This Class 2 response pattern found in cells of S1 sharply contrasts with the responses to POm stimulation recorded in layer 4 of S2, as all cells in layer 4 of S2 responded to POm stimulation with a Class 1A response pattern (Fig. 1B). These cells in S2 exhibited depression in response to POm stimulation (Fig. 1B, i). Increases in stimulation intensity did not cause further increases in EPSP or excitatory postsynaptic current (EPSC) amplitude after a threshold was reached (Fig. 1B, i). EPSPs evoked at 10 Hz could be blocked by ionotropic glutamate receptor antagonists (Fig. 1B, ii), and in the presence of these antagonists, high-frequency stimulation of POm failed to activate metabotropic glutamate receptors on these cells (Fig. 1B, iii). These results are consistent with previous work (10).

Recordings in VPM.

To control for the possibility of current spread into VPM activating inputs to layers 2/3 neurons (which could result in Class 2 responses) (11), we performed recordings in 10 VPM neurons while stimulating in POm at various intensities.

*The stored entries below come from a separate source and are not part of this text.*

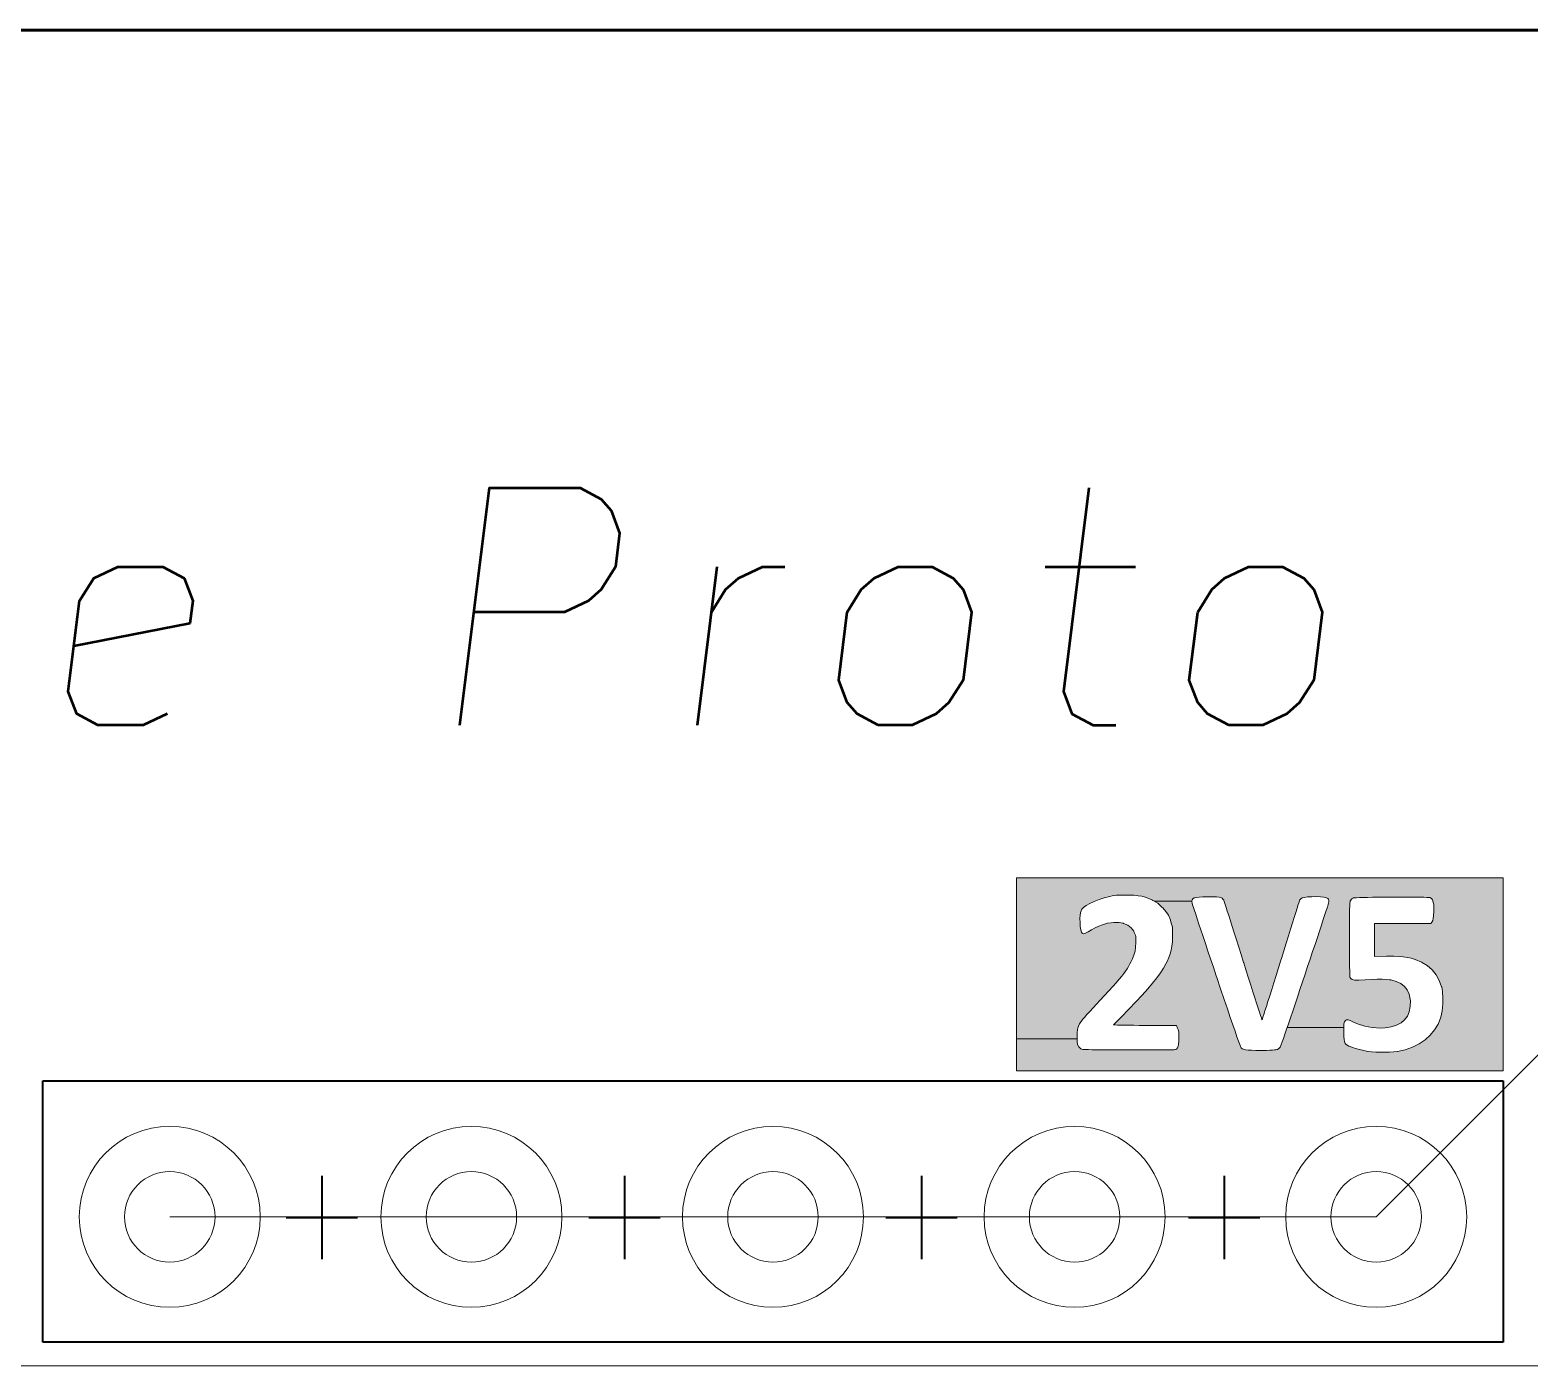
# Model space of a CAD drawing. Header units: millimetres. Extents: x 0 to 100, y -70 to 0.
# Drawn here: x 68.89 to 81.53, y -11.25 to 0 of the extents above; entities that cross this region are included whole.
import ezdxf

# ---------------------------------------------------------------- set-up
doc = ezdxf.new("R2010")
doc.units = ezdxf.units.MM
for name, color, linetype, lineweight, true_color in [('application board F.Cu', 8, 'Continuous', 18, 0x777779), ('application board F.Silkscreen', 18, 'Continuous', 40, 0x000000), ('application board pcb edge', 18, 'Continuous', 60, 0x000000)]:
    doc.layers.add(name, color=color, linetype=linetype, lineweight=lineweight, true_color=true_color)

msp = doc.modelspace()

# ---------------------------------------------------------------- hatches: boundary and pattern name
at = {"layer": 'application board F.Silkscreen', "lineweight": 0, "transparency": 33554687}
msp.add_hatch(color=256, dxfattribs=at).paths.add_polyline_path([(81.300373, -7.140269), (81.300373, -8.764467), (77.199628, -8.764467), (77.199628, -8.496007), (77.711226, -8.496007), (77.712462, -8.520347), (77.714993, -8.538991), (77.715791, -8.542261), (77.726044, -8.56278), (77.742886, -8.57787), (77.759264, -8.584577), (77.766369, -8.585161), (77.7822, -8.58573), (77.80601, -8.586274), (77.837056, -8.586786), (77.874591, -8.587257), (77.917871, -8.587681), (77.966151, -8.58805), (78.018684, -8.588354), (78.074727, -8.588587), (78.133533, -8.588741), (78.156812, -8.588777), (78.226073, -8.588855), (78.286484, -8.588894), (78.338666, -8.58888), (78.383241, -8.588802), (78.420828, -8.588648), (78.452048, -8.588404), (78.477524, -8.588059), (78.497874, -8.5876), (78.51372, -8.587015), (78.525684, -8.586291), (78.534385, -8.585416), (78.540444, -8.584377), (78.544483, -8.583163), (78.547122, -8.581761), (78.548122, -8.580975), (78.556165, -8.571349), (78.5619, -8.557813), (78.565613, -8.538964), (78.56759, -8.513402), (78.568121, -8.483015), (78.567911, -8.45755), (78.567075, -8.43928), (78.565306, -8.425936), (78.562297, -8.415249), (78.557739, -8.404948), (78.557467, -8.404406), (78.546812, -8.383277), (78.282821, -8.382054), (78.233806, -8.381764), (78.187744, -8.381372), (78.145484, -8.380891), (78.107877, -8.380338), (78.07577, -8.379729), (78.050014, -8.379078), (78.031456, -8.3784), (78.020946, -8.377713), (78.01883, -8.37725), (78.022037, -8.372936), (78.030955, -8.363107), (78.044524, -8.348876), (78.061687, -8.331352), (78.080845, -8.31218), (78.147375, -8.24542), (78.206848, -8.184015), (78.259664, -8.127479), (78.306224, -8.075331), (78.346928, -8.027086), (78.382178, -7.982261), (78.412372, -7.940373), (78.437913, -7.900938), (78.459199, -7.863473), (78.469472, -7.843046), (78.484804, -7.809039), (78.49624, -7.778255), (78.504382, -7.748057), (78.50983, -7.71581), (78.513184, -7.67888), (78.514758, -7.644383), (78.515575, -7.614098), (78.515693, -7.590999), (78.514964, -7.572816), (78.513243, -7.557281), (78.510382, -7.542124), (78.507306, -7.529265), (78.494996, -7.488646), (78.479598, -7.454382), (78.459425, -7.423463), (78.432788, -7.392877), (78.42821, -7.388212), (78.407862, -7.368589), (78.390167, -7.353956), (78.37184, -7.341929), (78.362557, -7.337001), (78.678564, -7.337001), (78.680754, -7.353198), (78.683905, -7.366455), (78.686272, -7.374246), (78.691474, -7.390454), (78.699325, -7.414517), (78.709638, -7.445878), (78.722229, -7.483975), (78.73691, -7.528249), (78.753496, -7.57814), (78.7718, -7.63309), (78.791637, -7.692537), (78.81282, -7.755922), (78.835163, -7.822686), (78.85848, -7.892269), (78.882585, -7.96411), (78.887197, -7.977846), (78.919843, -8.074909), (78.949736, -8.163478), (78.97686, -8.243504), (79.001198, -8.314938), (79.022731, -8.377731), (79.041444, -8.431833), (79.05732, -8.477195), (79.070341, -8.513768), (79.08049, -8.541504), (79.08775, -8.560352), (79.092104, -8.570265), (79.093057, -8.571746), (79.101712, -8.578292), (79.113774, -8.583455), (79.130219, -8.58735), (79.152022, -8.590093), (79.180156, -8.591797), (79.215597, -8.592578), (79.25932, -8.592551), (79.268941, -8.59246), (79.306195, -8.591957), (79.335225, -8.591272), (79.357277, -8.590317), (79.373597, -8.589007), (79.385432, -8.587257), (79.394028, -8.584979), (79.397609, -8.583567), (79.41082, -8.575713), (79.420864, -8.56636), (79.421964, -8.564797), (79.424594, -8.558536), (79.429981, -8.543927), (79.437908, -8.521614), (79.448161, -8.492241), (79.460523, -8.456452), (79.474779, -8.41489), (79.480407, -8.3984), (79.956148, -8.3984), (79.956192, -8.42197), (79.956528, -8.443317), (79.957372, -8.475242), (79.958963, -8.499265), (79.961942, -8.516952), (79.966953, -8.529873), (79.974635, -8.539594), (79.985632, -8.547683), (80.000585, -8.555708), (80.003036, -8.556918), (80.025699, -8.566345), (80.055224, -8.576101), (80.089059, -8.585484), (80.124654, -8.593791), (80.159455, -8.60032), (80.162582, -8.600815), (80.190827, -8.604057), (80.225524, -8.606263), (80.264089, -8.607428), (80.303938, -8.607549), (80.342486, -8.606625), (80.377149, -8.60465), (80.405342, -8.601623), (80.408587, -8.601121), (80.474713, -8.586515), (80.536051, -8.565143), (80.592021, -8.537426), (80.642043, -8.503787), (80.685535, -8.464647), (80.721917, -8.420428), (80.750608, -8.371553), (80.762467, -8.343982), (80.773204, -8.313745), (80.780943, -8.286522), (80.786117, -8.259635), (80.789162, -8.230407), (80.790513, -8.196162), (80.790689, -8.17019), (80.790406, -8.138519), (80.789541, -8.114039), (80.787885, -8.094479), (80.785234, -8.077567), (80.781379, -8.061031), (80.780442, -8.057554), (80.761141, -8.00357), (80.734587, -7.95566), (80.700886, -7.91393), (80.66014, -7.878488), (80.612453, -7.849442), (80.558324, -7.827031), (80.52539, -7.817078), (80.492672, -7.809531), (80.45832, -7.804179), (80.420484, -7.800809), (80.377313, -7.799209), (80.326957, -7.799166), (80.31662, -7.799314), (80.215996, -7.800946), (80.215996, -7.523826), (80.688836, -7.523826), (80.69841, -7.511654), (80.705594, -7.498941), (80.71067, -7.481109), (80.713832, -7.456953), (80.71527, -7.42527), (80.7154, -7.405238), (80.714178, -7.370757), (80.710551, -7.344559), (80.704187, -7.32569), (80.694754, -7.313194), (80.681919, -7.306114), (80.680876, -7.305794), (80.672374, -7.304707), (80.655512, -7.30379), (80.631267, -7.303039), (80.600614, -7.302446), (80.564532, -7.302008), (80.523996, -7.301719), (80.479982, -7.301573), (80.433469, -7.301565), (80.385432, -7.301689), (80.336847, -7.301941), (80.288692, -7.302315), (80.241943, -7.302804), (80.197577, -7.303405), (80.15657, -7.304112), (80.119899, -7.304919), (80.088541, -7.305821), (80.063471, -7.306812), (80.045668, -7.307888), (80.036107, -7.309042), (80.035099, -7.309351), (80.024092, -7.317444), (80.014461, -7.32948), (80.01379, -7.33066), (80.012081, -7.334267), (80.010616, -7.338833), (80.009377, -7.345068), (80.008345, -7.353682), (80.007501, -7.365388), (80.006826, -7.380894), (80.006303, -7.400913), (80.005911, -7.426154), (80.005632, -7.457328), (80.005448, -7.495146), (80.00534, -7.54032), (80.005289, -7.593558), (80.005276, -7.654046), (80.005331, -7.707515), (80.005489, -7.758432), (80.00574, -7.805964), (80.006076, -7.84928), (80.006486, -7.887549), (80.006962, -7.919941), (80.007495, -7.945625), (80.008074, -7.963768), (80.00869, -7.973542), (80.008896, -7.974774), (80.015694, -7.987619), (80.028228, -7.996011), (80.047449, -8.00028), (80.07431, -8.000754), (80.082877, -8.000282), (80.138054, -7.997052), (80.189879, -7.994916), (80.237264, -7.993876), (80.279116, -7.993939), (80.314346, -7.995109), (80.341862, -7.997389), (80.353319, -7.999121), (80.399026, -8.011337), (80.437247, -8.029341), (80.468039, -8.053194), (80.49146, -8.082957), (80.507565, -8.11869), (80.516411, -8.160455), (80.517707, -8.174925), (80.517062, -8.223358), (80.508732, -8.266322), (80.492845, -8.303702), (80.469529, -8.33538), (80.438913, -8.361241), (80.401124, -8.381168), (80.35629, -8.395045), (80.30454, -8.402756), (80.264875, -8.404421), (80.197356, -8.400771), (80.13343, -8.388993), (80.071155, -8.368648), (80.032775, -8.35166), (80.00946, -8.341151), (79.9925, -8.335862), (79.980335, -8.335812), (79.971404, -8.34102), (79.964148, -8.351505), (79.963631, -8.352498), (79.960344, -8.360141), (79.95809, -8.369198), (79.956736, -8.38138), (79.956148, -8.3984), (79.480407, -8.3984), (79.490713, -8.368201), (79.50811, -8.317027), (79.526752, -8.262013), (79.546426, -8.203803), (79.566915, -8.14304), (79.588004, -8.08037), (79.609476, -8.016435), (79.631116, -7.951879), (79.652709, -7.887348), (79.674038, -7.823484), (79.694888, -7.760931), (79.715044, -7.700334), (79.734288, -7.642337), (79.752407, -7.587583), (79.769184, -7.536717), (79.784403, -7.490383), (79.79785, -7.449224), (79.809307, -7.413884), (79.818559, -7.385008), (79.825391, -7.363239), (79.829586, -7.349222), (79.830919, -7.343885), (79.831707, -7.329142), (79.829046, -7.319857), (79.824041, -7.314063), (79.810779, -7.307014), (79.78918, -7.301788), (79.760226, -7.298501), (79.724896, -7.297266), (79.687218, -7.298058), (79.652165, -7.300336), (79.625574, -7.303827), (79.606488, -7.308776), (79.59395, -7.315423), (79.587317, -7.323359), (79.585351, -7.32896), (79.580766, -7.343017), (79.573747, -7.36494), (79.564478, -7.39414), (79.553145, -7.430028), (79.539934, -7.472013), (79.525029, -7.519506), (79.508615, -7.571918), (79.490878, -7.628659), (79.472004, -7.68914), (79.452176, -7.75277), (79.431581, -7.81896), (79.427646, -7.831618), (79.406961, -7.898106), (79.387027, -7.962064), (79.368028, -8.02291), (79.350146, -8.080063), (79.333566, -8.132941), (79.318469, -8.180962), (79.30504, -8.223545), (79.293461, -8.260107), (79.283916, -8.290068), (79.276588, -8.312844), (79.27166, -8.327856), (79.269315, -8.334519), (79.269172, -8.3348), (79.267354, -8.33087), (79.262897, -8.318479), (79.255987, -8.298203), (79.246811, -8.270621), (79.235557, -8.236309), (79.222411, -8.195845), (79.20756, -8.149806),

We found no cells were driven to spike at stimulation intensities used in our experiments or even at higher stimulation intensities (≥400 μA). Most cells showed no response to POm stimulation at any intensity (n = 8). Two cells exhibited small EPSPs (<2 mV) at the highest stimulation intensities tested, which were well above the stimulation intensities used in our recordings from cortical neurons (Fig. S2). The most likely explanation for these EPSPs was the activation of layer 6 corticothalamic axons that innervated the VPM cells in question.

Population Data.

Fig. 2A shows that, among responsive neurons, all cells in S1 showed paired-pulse facilitation (E2/E1 ratios >1), whereas all cells in layer 4 of S2 showed paired-pulse depression (E2/E1 ratios <1). There was no correlation between layer and E2/E1 ratio, and there was a similar variability of this ratio in each layer (Fig. 2B). Cells in S1 showed a protracted region of monotonic increases in EPSP amplitude as stimulation intensity was increased (Fig. 2C; normalized EPSP amplitude was significantly different across stimulation intensities, Kruskal–Wallis: P < 0.001). On the other hand, for cells in layer 4 of S2, once stimulation intensity reached a certain threshold (generally between 50 and 100 μA), further increases in stimulation intensity did not result in further increases in response amplitude (Fig. 2C; Kruskal–Wallis: P = 0.66). Cells in S1 had an average first EPSP amplitude (evoked at minimum stimulation intensity) of 0.62 ± 0.70 mV, whereas cells in S2 had an average first EPSP amplitude of 6.84 ± 3.67 mV, which was significantly larger (Mann–Whitney: P < 0.01). Figure 2D is a 3-dimensional scatterplot showing the clustering of properties that distinguish Classes 1A and 2. The parameters involved here are the slope of EPSP amplitude verses stimulation intensity (100 μA and above), amplitudes of the first EPSPs evoked in a train, and a measure of the metabotropic glutamate receptor responses following high-frequency stimulation of POm; this latter variable was taken as the maximum voltage shift from baseline in the 0.25–2 s following cessation of the high-frequency stimulation.

Fig. 2.

Fig. 2.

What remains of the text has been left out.